Ab workouts to do while lying in bed. Stretch your body with your fingers clasped and your hands behind your head. Pelvic Tilts To Tone The Pelvic Floor Muscles And Abs This exercise works the abdominals and hamstrings and alleviates lower back pain. Lie on your back hands underneath your butt palms pressing down on the mattress legs straight in the air perpendicular to the bed.
Lift your butt off the bed by tilting your hips. Lie on your back with your knees bent and feet on the bed. Flex your top foot so your toe is pointing forward.
HOW TO DO IT. BICYCLE CRUNCH Lie on your back on the bed with knees bent feet on the floor and hands behind your head dont clasp your fingers. Lying flat on the bed stretch your legs straight and your arms straight above your head.
Keeping your legs straight use your abs to lift your legs toward your face until your toes touch the headboard. Lie on your back with your knees bent and feet on the bed. Lying on your back with your knees bent hold the left heel and rub energetically.
Lengthen the top arm out up and open to bring your torso into a. Slowly lower your top leg to return to start. Hope this video can help lift your spirit to keep going and keep working hard for what you believe inSUBSCRIBE FOR WEEKLY VIDEOS 訂閱我的頻道你不會後悔.
Before it touches the mattress raise it back up to the starting position. Pelvic Tilts To Tone The Pelvic Floor Muscles And Abs This exercise works the abdominals and hamstrings and alleviates lower back pain. Brace your core and lower your right leg towards the bed.

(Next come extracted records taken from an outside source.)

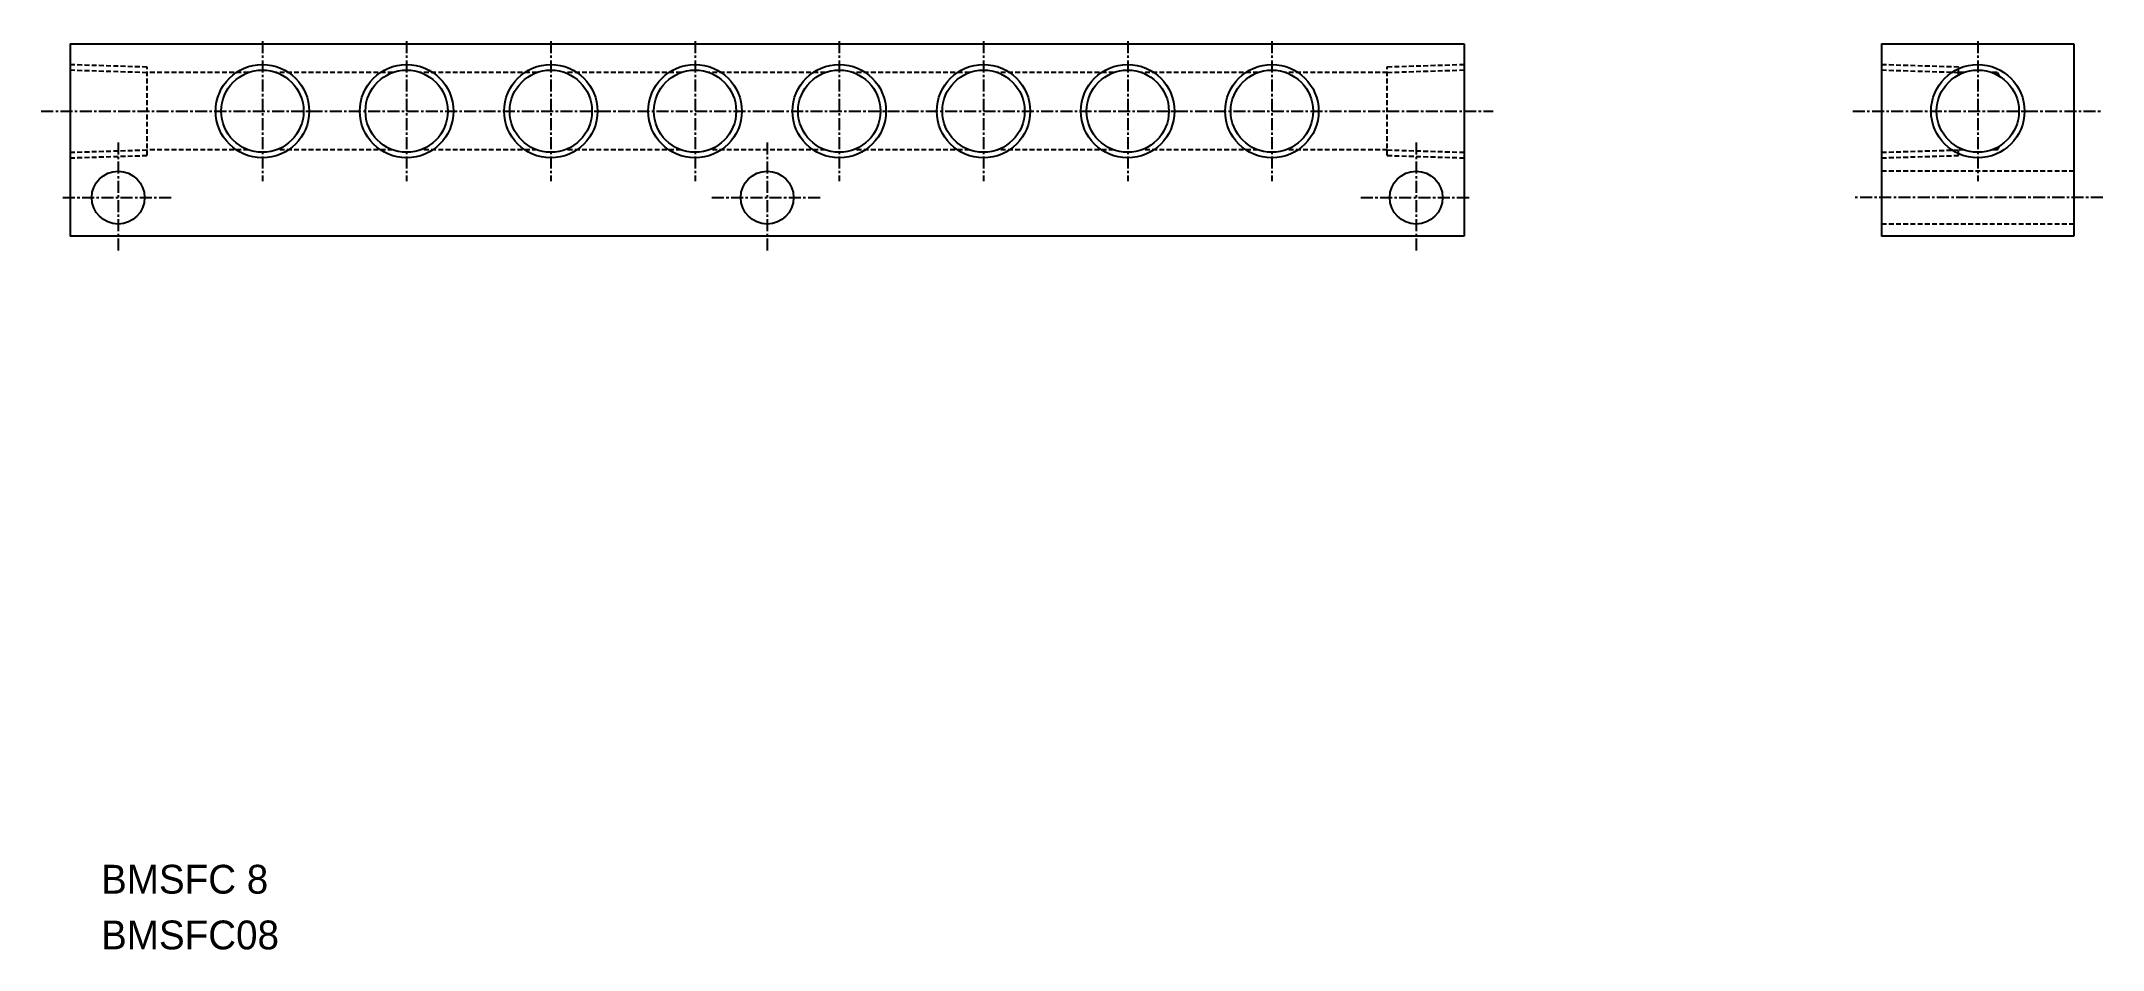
# Model space of a CAD drawing. Extents: x 532 to 747, y 716 to 811.
import ezdxf

# ---------------------------------------------------------------- set-up
doc = ezdxf.new("R2010")
doc.units = 0
doc.linetypes.add('CENTER', pattern=[2, 1.25, -0.25, 0.25, -0.25])
doc.linetypes.add('DASHED', pattern=[0.75, 0.5, -0.25])
doc.layers.get('0').update_dxf_attribs({"linetype": 'CONTINUOUS'})
doc.layers.add('CENTER', color=1, linetype='CENTER')

msp = doc.modelspace()

# ---------------------------------------------------------------- linework, layer by layer
at = {"color": 7, "linetype": 'CONTINUOUS'}
for p, q in [((535.44, 810.55), (680.44, 810.55)), ((535.44, 810.55), (535.44, 790.55)), ((680.44, 810.55), (680.44, 790.55)), ((723.86, 810.55), (723.86, 790.55)), ((723.86, 810.55), (743.86, 810.55)), ((743.86, 810.55), (743.86, 790.55)), ((680.44, 790.55), (535.44, 790.55)), ((743.86, 790.55), (723.86, 790.55))]:
    msp.add_line(p, q, dxfattribs=at)
at = {"color": 3, "linetype": 'DASHED'}
for p, q in [((535.44, 808.42), (543.44, 808.17)), ((672.44, 808.17), (680.44, 808.42)), ((723.86, 808.42), (731.86, 808.17)), ((535.44, 807.84), (543.44, 807.59)), ((543.44, 798.94), (543.44, 808.17)), ((553.99, 807.59), (543.44, 807.59)), ((568.99, 807.59), (556.88, 807.59)), ((583.99, 807.59), (571.88, 807.59)), ((592.94, 807.59), (586.88, 807.59)), ((598.99, 807.59), (592.94, 807.59)), ((613.99, 807.59), (601.88, 807.59)), ((613.99, 807.59), (607.94, 807.59)), ((628.99, 807.59), (616.88, 807.59)), ((628.99, 807.59), (622.94, 807.59)), ((643.99, 807.59), (631.88, 807.59)), ((658.99, 807.59), (646.88, 807.59)), ((672.44, 807.59), (661.88, 807.59)), ((672.44, 798.94), (672.44, 808.17)), ((672.44, 807.59), (680.44, 807.84)), ((723.86, 807.84), (731.86, 807.59)), ((731.86, 807.34), (731.86, 808.17)), ((732.42, 807.59), (731.86, 807.59)), ((735.86, 807.59), (735.3, 807.59)), ((735.86, 807.59), (736.07, 807.22)), ((735.86, 807.59), (735.86, 807.34)), ((738.14, 803.63), (738.19, 803.55)), ((738.14, 803.47), (738.19, 803.55)), ((735.86, 799.52), (736.07, 799.88)), ((535.44, 799.27), (543.44, 799.52)), ((535.44, 798.69), (543.44, 798.94)), ((553.99, 799.52), (543.44, 799.52)), ((568.99, 799.52), (556.88, 799.52)), ((583.99, 799.52), (571.88, 799.52)), ((592.94, 799.52), (586.88, 799.52)), ((598.99, 799.52), (592.94, 799.52)), ((613.99, 799.52), (601.88, 799.52)), ((613.99, 799.52), (607.94, 799.52)), ((628.99, 799.52), (616.88, 799.52)), ((628.99, 799.52), (622.94, 799.52)), ((643.99, 799.52), (631.88, 799.52)), ((658.99, 799.52), (646.88, 799.52)), ((672.44, 799.52), (661.88, 799.52)), ((672.44, 799.52), (680.44, 799.27)), ((672.44, 798.94), (680.44, 798.69)), ((723.86, 799.27), (731.86, 799.52)), ((723.86, 798.69), (731.86, 798.94)), ((731.86, 798.94), (731.86, 799.77)), ((732.42, 799.52), (731.86, 799.52)), ((735.86, 799.52), (735.3, 799.52)), ((735.86, 799.77), (735.86, 799.52)), ((743.86, 797.3), (723.86, 797.3)), ((743.86, 791.8), (723.86, 791.8))]:
    msp.add_line(p, q, dxfattribs=at)
at = {"color": 3, "linetype": 'CONTINUOUS'}
for centre in [(555.44, 803.55), (570.44, 803.55), (585.44, 803.55), (600.44, 803.55), (615.44, 803.55), (630.44, 803.55), (645.44, 803.55), (660.44, 803.55), (733.86, 803.55)]:
    msp.add_circle(centre, 4.86, dxfattribs=at)
at = {"color": 7, "linetype": 'CONTINUOUS'}
for centre, radius in [((555.44, 803.55), 4.28), ((570.44, 803.55), 4.28), ((585.44, 803.55), 4.28), ((600.44, 803.55), 4.28), ((615.44, 803.55), 4.28), ((630.44, 803.55), 4.28), ((645.44, 803.55), 4.28), ((660.44, 803.55), 4.28), ((733.86, 803.55), 4.28), ((540.44, 794.55), 2.75), ((607.94, 794.55), 2.75), ((675.44, 794.55), 2.75)]:
    msp.add_circle(centre, radius, dxfattribs=at)
at = {"layer": 'CENTER', "color": 1, "linetype": 'CENTER'}
for p, q in [((555.44, 810.84), (555.44, 796.27)), ((570.44, 810.84), (570.44, 796.27)), ((585.44, 810.84), (585.44, 796.27)), ((600.44, 810.84), (600.44, 796.27)), ((615.44, 810.84), (615.44, 796.27)), ((630.44, 810.84), (630.44, 796.27)), ((645.44, 810.84), (645.44, 796.27)), ((660.44, 810.84), (660.44, 796.27)), ((733.86, 810.84), (733.86, 796.27)), ((532.44, 803.55), (683.44, 803.55)), ((720.86, 803.55), (746.86, 803.55)), ((540.44, 800.3), (540.44, 788.8)), ((607.94, 800.3), (607.94, 788.8)), ((675.44, 800.3), (675.44, 788.8)), ((534.69, 794.55), (546.19, 794.55)), ((602.19, 794.55), (613.69, 794.55)), ((669.69, 794.55), (681.19, 794.55)), ((746.86, 794.55), (720.86, 794.55))]:
    msp.add_line(p, q, dxfattribs=at)

# ---------------------------------------------------------------- texts
at = {"color": 7, "linetype": 'CONTINUOUS'}
for s, p in [('BMSFC 8', (538.66, 722.1)), ('BMSFC08', (538.66, 716.3))]:
    msp.add_text(s, height=3, dxfattribs=at).set_placement(p)

doc.saveas('drawing.dxf')

Aim for 20-30 reps. You can find them under each toe on the sole and on the heel. Lie on one side near the edge of the bed with your knees bent and your arms extended out in front of you.
Press your lower back into the mattress and tighten your abdominal muscles as you lift your head shoulders and upper back off the bed. Lie on your back with your hands by your side palms down. Very slowly lift yourself up to a sitting position reaching your arms down as if to touch your toes.
Lie on your side with your hips stacked on top of each other. Bend your bottom knee if you need extra stability. Alternate legs for one rep.
Slowly lower your legs.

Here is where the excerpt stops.